Your goal ->
All of the data that follows is to be written out exactly, with images excluded.
----- Data in this exercise -----
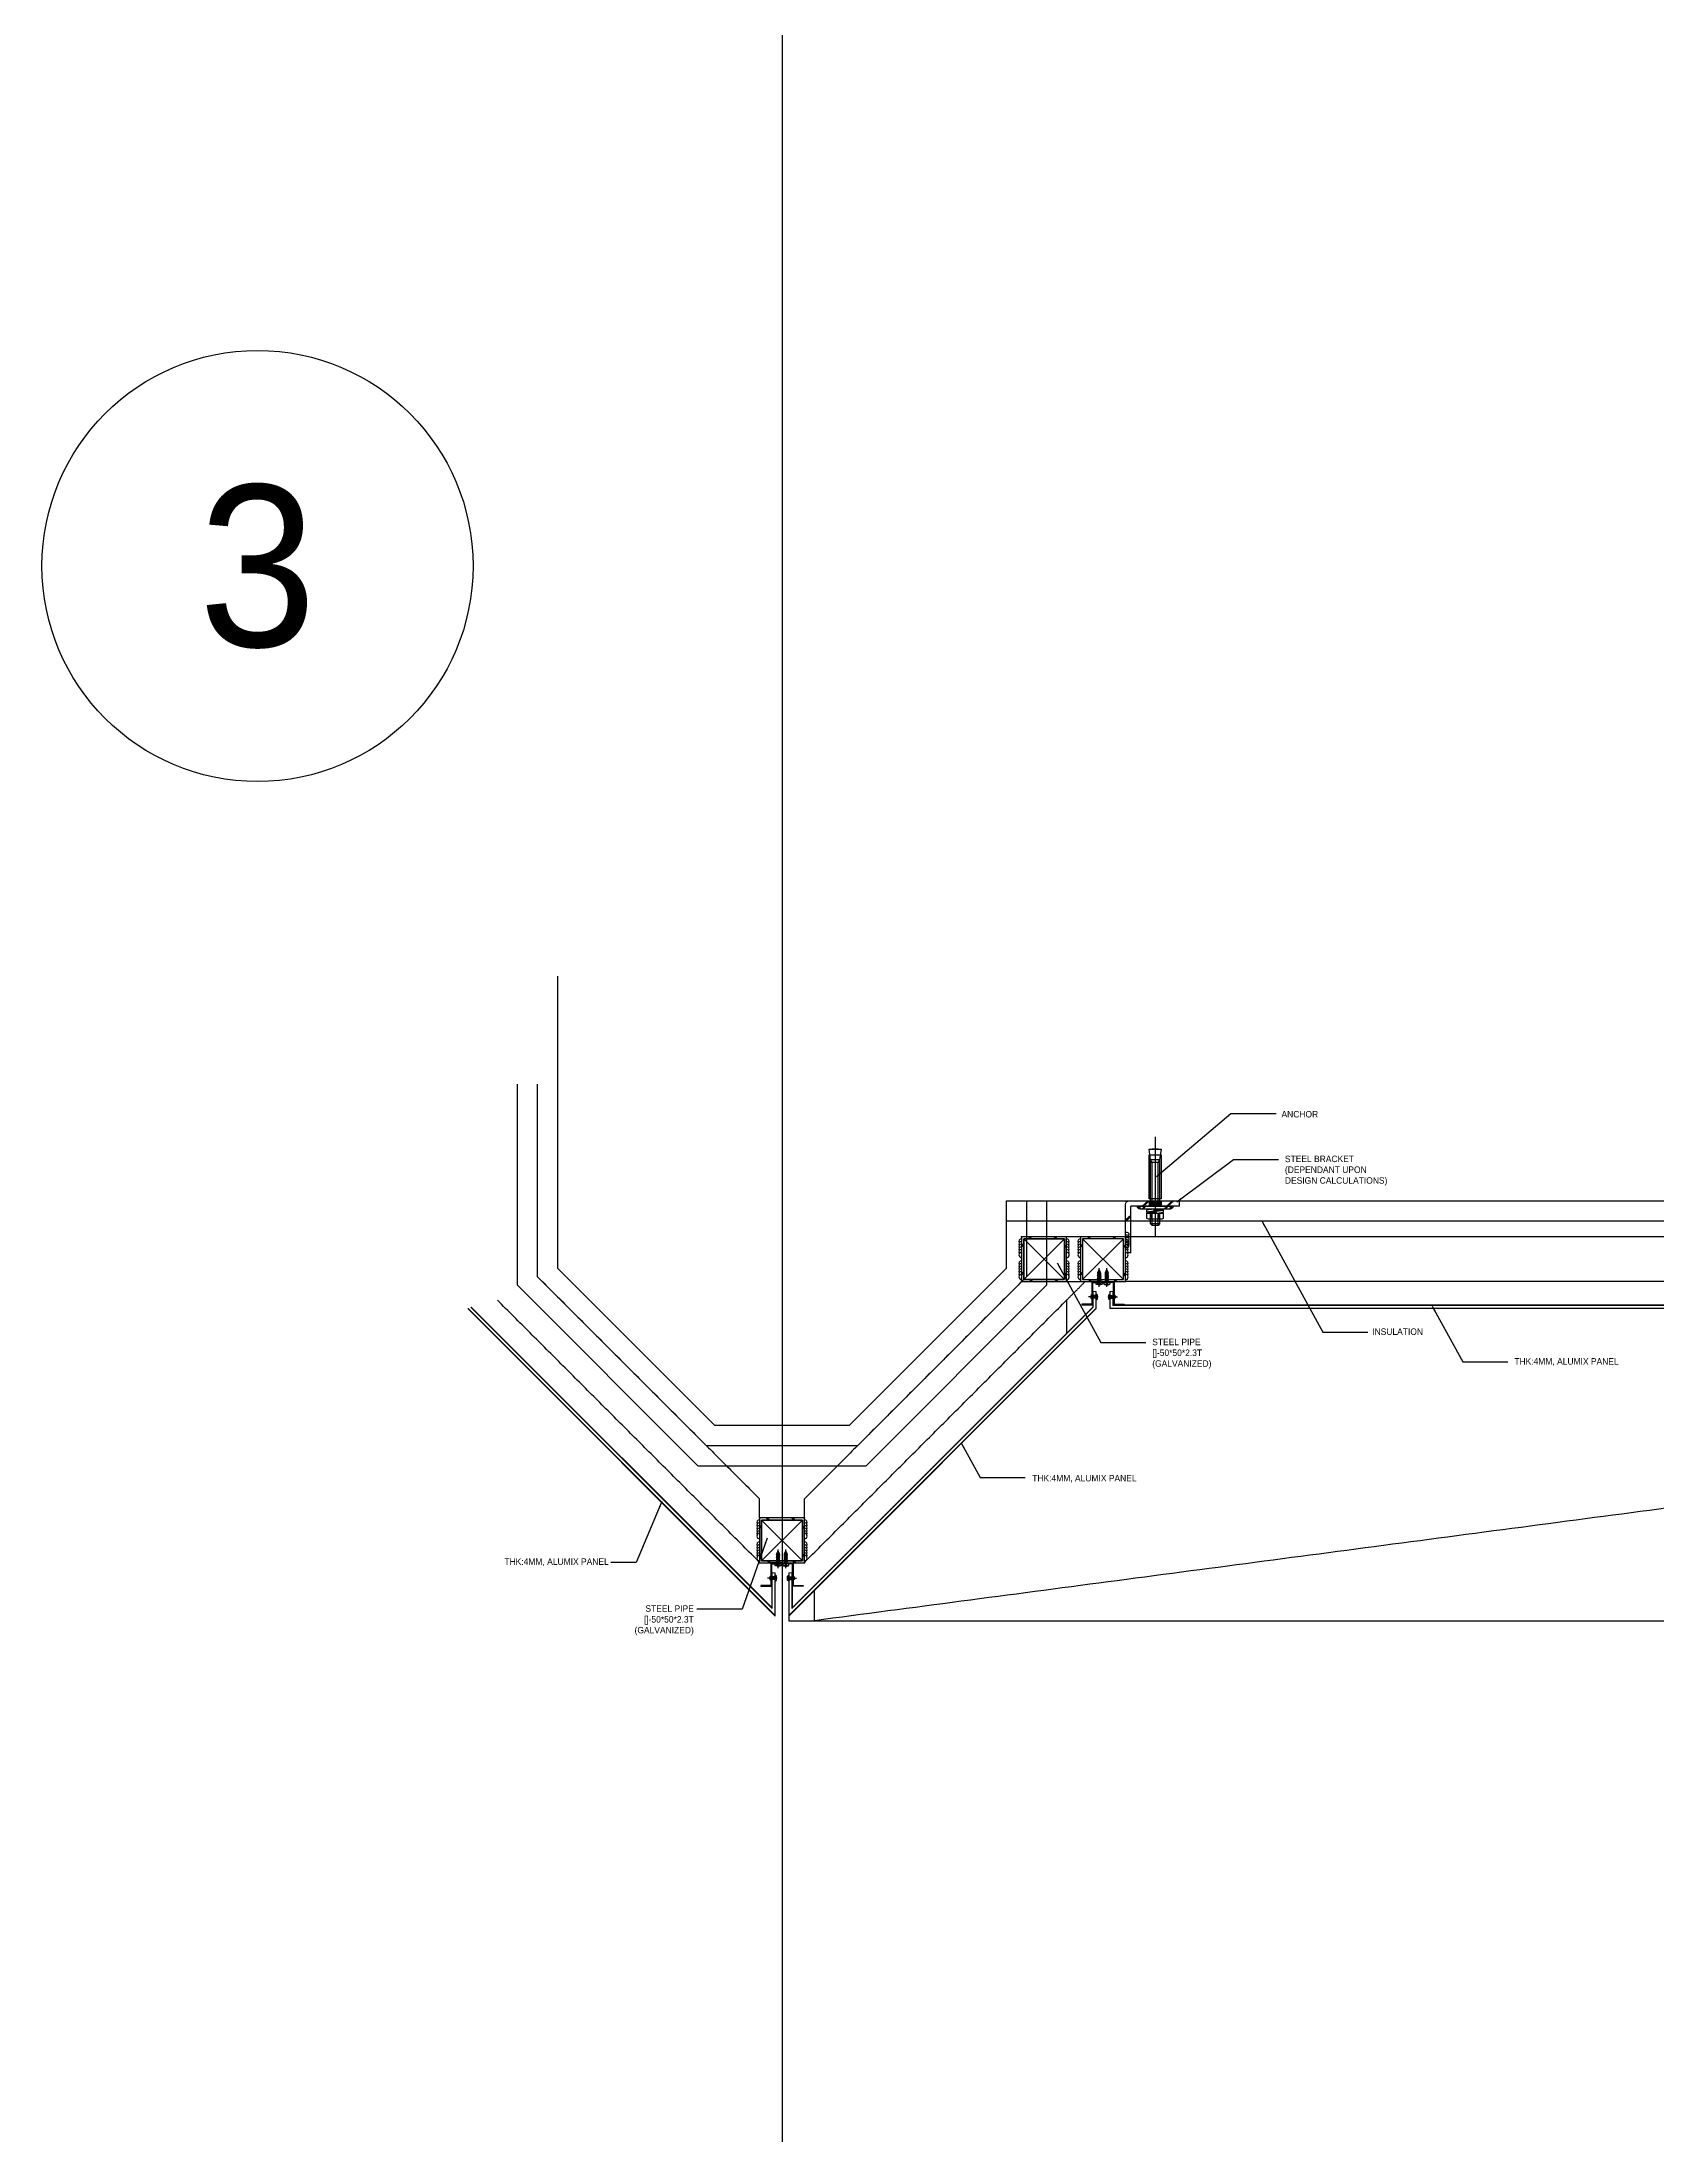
# Model space of a CAD drawing. Header units: millimetres. Extents: x 7297 to 60227, y -7497 to 19324.
# Drawn here: x 34983 to 36782, y 8083 to 10421 of the extents above; entities that cross this region are included whole.
import ezdxf
from ezdxf.enums import TextEntityAlignment as Align

# ---------------------------------------------------------------- set-up
doc = ezdxf.new("R2010")
doc.units = ezdxf.units.MM
for name, color, linetype in [('Make2D_PANEL', 252, 'Continuous'), ('NS_BRACKET_NUTS', 1, 'Continuous'), ('NS_COL_D-GREY', 8, 'Continuous'), ('NS_COL_GREEN', 3, 'Continuous'), ('NS_COL_L-GREY', 8, 'Continuous'), ('NS_COL_RED', 1, 'Continuous'), ('NS_CON_LINE', 2, 'Continuous'), ('NS_DIM', 1, 'Continuous'), ('NS_PIPE_FRAME', 2, 'Continuous'), ('NS_RIVET_SCREW', 1, 'Continuous'), ('NS_TEXT', 2, 'Continuous'), ('NS_TEXT_TITLE', 141, 'Continuous'), ('NS_WELD', 1, 'Continuous')]:
    doc.layers.add(name, color=color, linetype=linetype)
doc.layers.add('Make2D_PIPE', color=7, linetype='Continuous', true_color=0xbf3f3f)
doc.layers.add('NS_AL_PANEL', color=32, linetype='Continuous', lineweight=9)
doc.styles.add('A1-TEXT', font='')
doc.styles.add('Expo M', font='Expo M.ttf')
doc.styles.add('HY울릉도M', font='')
doc.styles.get('A1-TEXT').set_extended_font_data('Gulim')
doc.styles.get('HY울릉도M').set_extended_font_data('HY울릉도M')
doc.dimstyles.new('N-SPACE', dxfattribs={"dimscale": 4, "dimtxt": 1.8, "dimasz": 1.5, "dimexe": 1, "dimexo": 1, "dimgap": 1, "dimtad": 1, "dimtoh": 1, "dimdec": 1, "dimzin": 1, "dimdsep": 46, "dimtxsty": 'Expo M', "dimcen": 2, "dimclrd": 1, "dimclre": 1, "dimclrt": 2, "dimadec": 1, "dimazin": 0, "dimtfac": 1, "dimtdec": 1, "dimtix": 1, "dimtmove": 1, "dimatfit": 3, "dimfxl": 1, "dimtolj": 1, "dimtzin": 1, "dimarcsym": 0})

# ---------------------------------------------------------------- blocks, each defined once
blk = doc.blocks.new('A$C1DE33167')
for p, q in [((-22.7, 22.6), (-20.4, 24.9)), ((-22.7, 21.2), (-20.4, 23.5)), ((-20.4, -13.9), (25, 31.5)), ((-20.4, 31.5), (25, -13.9)), ((-12.3, 31.5), (-10, 33.8)), ((-10.9, 31.5), (-8.6, 33.8)), ((15.9, 31.5), (18.2, 33.8)), ((17.3, 31.5), (19.6, 33.8)), ((25, 23.5), (27.3, 25.8)), ((25, 22.1), (27.3, 24.4)), ((-22.7, -8.6), (-20.4, -6.3)), ((-22.7, -10), (-20.4, -7.7)), ((-13.2, -16.2), (-10.9, -13.9)), ((-11.8, -16.2), (-9.5, -13.9)), ((15, -16.2), (17.3, -13.9)), ((16.4, -16.2), (18.7, -13.9)), ((25, -7.7), (27.3, -5.4)), ((25, -9.1), (27.3, -6.8))]:
    blk.add_line(p, q)
blk.add_lwpolyline([(26.3, -16.2), (-21.7, -16.2, -0.414214), (-22.7, -15.2), (-22.7, 32.8, -0.414214), (-21.7, 33.8), (26.3, 33.8, -0.414214), (27.3, 32.8), (27.3, -15.2, -0.414214)], format="xyb", close=True)
blk.add_lwpolyline([(25, -13.9), (-20.4, -13.9), (-20.4, 31.5), (25, 31.5)], close=True)
for p in [(-22.7, 33.8), (27.3, 33.8), (-22.7, -16.2), (27.3, -16.2)]:
    blk.add_point(p)
blk = doc.blocks.new('PH-4X14')
at = {"ltscale": 0.3}
blk.add_line((-4.9, 0), (16, 0), dxfattribs=at)
for p, q in [((0, 3.5), (-1, 3.5)), ((0, -3.5), (0, 3.5)), ((0, 1.5), (1, 1.5)), ((0.9, -0.1), (1.2, 2)), ((0.9, -0.1), (1, 1.5)), ((1.2, 2), (1, 1.5)), ((1, -0.1), (1.3, 1.9)), ((1, -0.1), (1.5, 1.5)), ((1.3, 2), (1.5, 1.5)), ((1.5, 1.5), (2.2, 1.5)), ((1.6, -1.5), (2.2, 1.5)), ((1.8, -2), (2.4, 2)), ((1.9, -2), (2.5, 1.9)), ((2.1, -1.5), (2.7, 1.5)), ((2.4, 2), (2.2, 1.5)), ((2.5, 2), (2.7, 1.5)), ((2.7, 1.5), (3.4, 1.5)), ((2.8, -1.5), (3.4, 1.5)), ((3, -2), (3.7, 2)), ((3.1, -2), (3.8, 1.9)), ((3.3, -1.5), (3.9, 1.5)), ((3.6, 2), (3.4, 1.5)), ((3.7, 2), (3.9, 1.5)), ((3.9, 1.5), (4.7, 1.5)), ((4, -1.5), (4.7, 1.5)), ((4.2, -2), (4.9, 2)), ((4.3, -2), (5, 1.9)), ((4.5, -1.5), (5.2, 1.5)), ((4.9, 2), (4.7, 1.5)), ((5, 2), (5.2, 1.5)), ((5.2, 1.5), (5.9, 1.5)), ((5.3, -1.5), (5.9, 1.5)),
-----
Answer below ->
# Model space of a CAD drawing. Header units: millimetres. Extents: x 7297 to 60227, y -7497 to 19324.
# Drawn here: x 34983 to 36782, y 8083 to 10421 of the extents above; entities that cross this region are included whole.
import ezdxf
from ezdxf.enums import TextEntityAlignment as Align

# ---------------------------------------------------------------- set-up
doc = ezdxf.new("R2010")
doc.units = ezdxf.units.MM
for name, color, linetype in [('Make2D_PANEL', 252, 'Continuous'), ('NS_BRACKET_NUTS', 1, 'Continuous'), ('NS_COL_D-GREY', 8, 'Continuous'), ('NS_COL_GREEN', 3, 'Continuous'), ('NS_COL_L-GREY', 8, 'Continuous'), ('NS_COL_RED', 1, 'Continuous'), ('NS_CON_LINE', 2, 'Continuous'), ('NS_DIM', 1, 'Continuous'), ('NS_PIPE_FRAME', 2, 'Continuous'), ('NS_RIVET_SCREW', 1, 'Continuous'), ('NS_TEXT', 2, 'Continuous'), ('NS_TEXT_TITLE', 141, 'Continuous'), ('NS_WELD', 1, 'Continuous')]:
    doc.layers.add(name, color=color, linetype=linetype)
doc.layers.add('Make2D_PIPE', color=7, linetype='Continuous', true_color=0xbf3f3f)
doc.layers.add('NS_AL_PANEL', color=32, linetype='Continuous', lineweight=9)
doc.styles.add('A1-TEXT', font='')
doc.styles.add('Expo M', font='Expo M.ttf')
doc.styles.add('HY울릉도M', font='')
doc.styles.get('A1-TEXT').set_extended_font_data('Gulim')
doc.styles.get('HY울릉도M').set_extended_font_data('HY울릉도M')
doc.dimstyles.new('N-SPACE', dxfattribs={"dimscale": 4, "dimtxt": 1.8, "dimasz": 1.5, "dimexe": 1, "dimexo": 1, "dimgap": 1, "dimtad": 1, "dimtoh": 1, "dimdec": 1, "dimzin": 1, "dimdsep": 46, "dimtxsty": 'Expo M', "dimcen": 2, "dimclrd": 1, "dimclre": 1, "dimclrt": 2, "dimadec": 1, "dimazin": 0, "dimtfac": 1, "dimtdec": 1, "dimtix": 1, "dimtmove": 1, "dimatfit": 3, "dimfxl": 1, "dimtolj": 1, "dimtzin": 1, "dimarcsym": 0})

# ---------------------------------------------------------------- blocks, each defined once
blk = doc.blocks.new('A$C1DE33167')
for p, q in [((-22.7, 22.6), (-20.4, 24.9)), ((-22.7, 21.2), (-20.4, 23.5)), ((-20.4, -13.9), (25, 31.5)), ((-20.4, 31.5), (25, -13.9)), ((-12.3, 31.5), (-10, 33.8)), ((-10.9, 31.5), (-8.6, 33.8)), ((15.9, 31.5), (18.2, 33.8)), ((17.3, 31.5), (19.6, 33.8)), ((25, 23.5), (27.3, 25.8)), ((25, 22.1), (27.3, 24.4)), ((-22.7, -8.6), (-20.4, -6.3)), ((-22.7, -10), (-20.4, -7.7)), ((-13.2, -16.2), (-10.9, -13.9)), ((-11.8, -16.2), (-9.5, -13.9)), ((15, -16.2), (17.3, -13.9)), ((16.4, -16.2), (18.7, -13.9)), ((25, -7.7), (27.3, -5.4)), ((25, -9.1), (27.3, -6.8))]:
    blk.add_line(p, q)
blk.add_lwpolyline([(26.3, -16.2), (-21.7, -16.2, -0.414214), (-22.7, -15.2), (-22.7, 32.8, -0.414214), (-21.7, 33.8), (26.3, 33.8, -0.414214), (27.3, 32.8), (27.3, -15.2, -0.414214)], format="xyb", close=True)
blk.add_lwpolyline([(25, -13.9), (-20.4, -13.9), (-20.4, 31.5), (25, 31.5)], close=True)
for p in [(-22.7, 33.8), (27.3, 33.8), (-22.7, -16.2), (27.3, -16.2)]:
    blk.add_point(p)
blk = doc.blocks.new('PH-4X14')
at = {"ltscale": 0.3}
blk.add_line((-4.9, 0), (16, 0), dxfattribs=at)
for p, q in [((0, 3.5), (-1, 3.5)), ((0, -3.5), (0, 3.5)), ((0, 1.5), (1, 1.5)), ((0.9, -0.1), (1.2, 2)), ((0.9, -0.1), (1, 1.5)), ((1.2, 2), (1, 1.5)), ((1, -0.1), (1.3, 1.9)), ((1, -0.1), (1.5, 1.5)), ((1.3, 2), (1.5, 1.5)), ((1.5, 1.5), (2.2, 1.5)), ((1.6, -1.5), (2.2, 1.5)), ((1.8, -2), (2.4, 2)), ((1.9, -2), (2.5, 1.9)), ((2.1, -1.5), (2.7, 1.5)), ((2.4, 2), (2.2, 1.5)), ((2.5, 2), (2.7, 1.5)), ((2.7, 1.5), (3.4, 1.5)), ((2.8, -1.5), (3.4, 1.5)), ((3, -2), (3.7, 2)), ((3.1, -2), (3.8, 1.9)), ((3.3, -1.5), (3.9, 1.5)), ((3.6, 2), (3.4, 1.5)), ((3.7, 2), (3.9, 1.5)), ((3.9, 1.5), (4.7, 1.5)), ((4, -1.5), (4.7, 1.5)), ((4.2, -2), (4.9, 2)), ((4.3, -2), (5, 1.9)), ((4.5, -1.5), (5.2, 1.5)), ((4.9, 2), (4.7, 1.5)), ((5, 2), (5.2, 1.5)), ((5.2, 1.5), (5.9, 1.5)), ((5.3, -1.5), (5.9, 1.5)),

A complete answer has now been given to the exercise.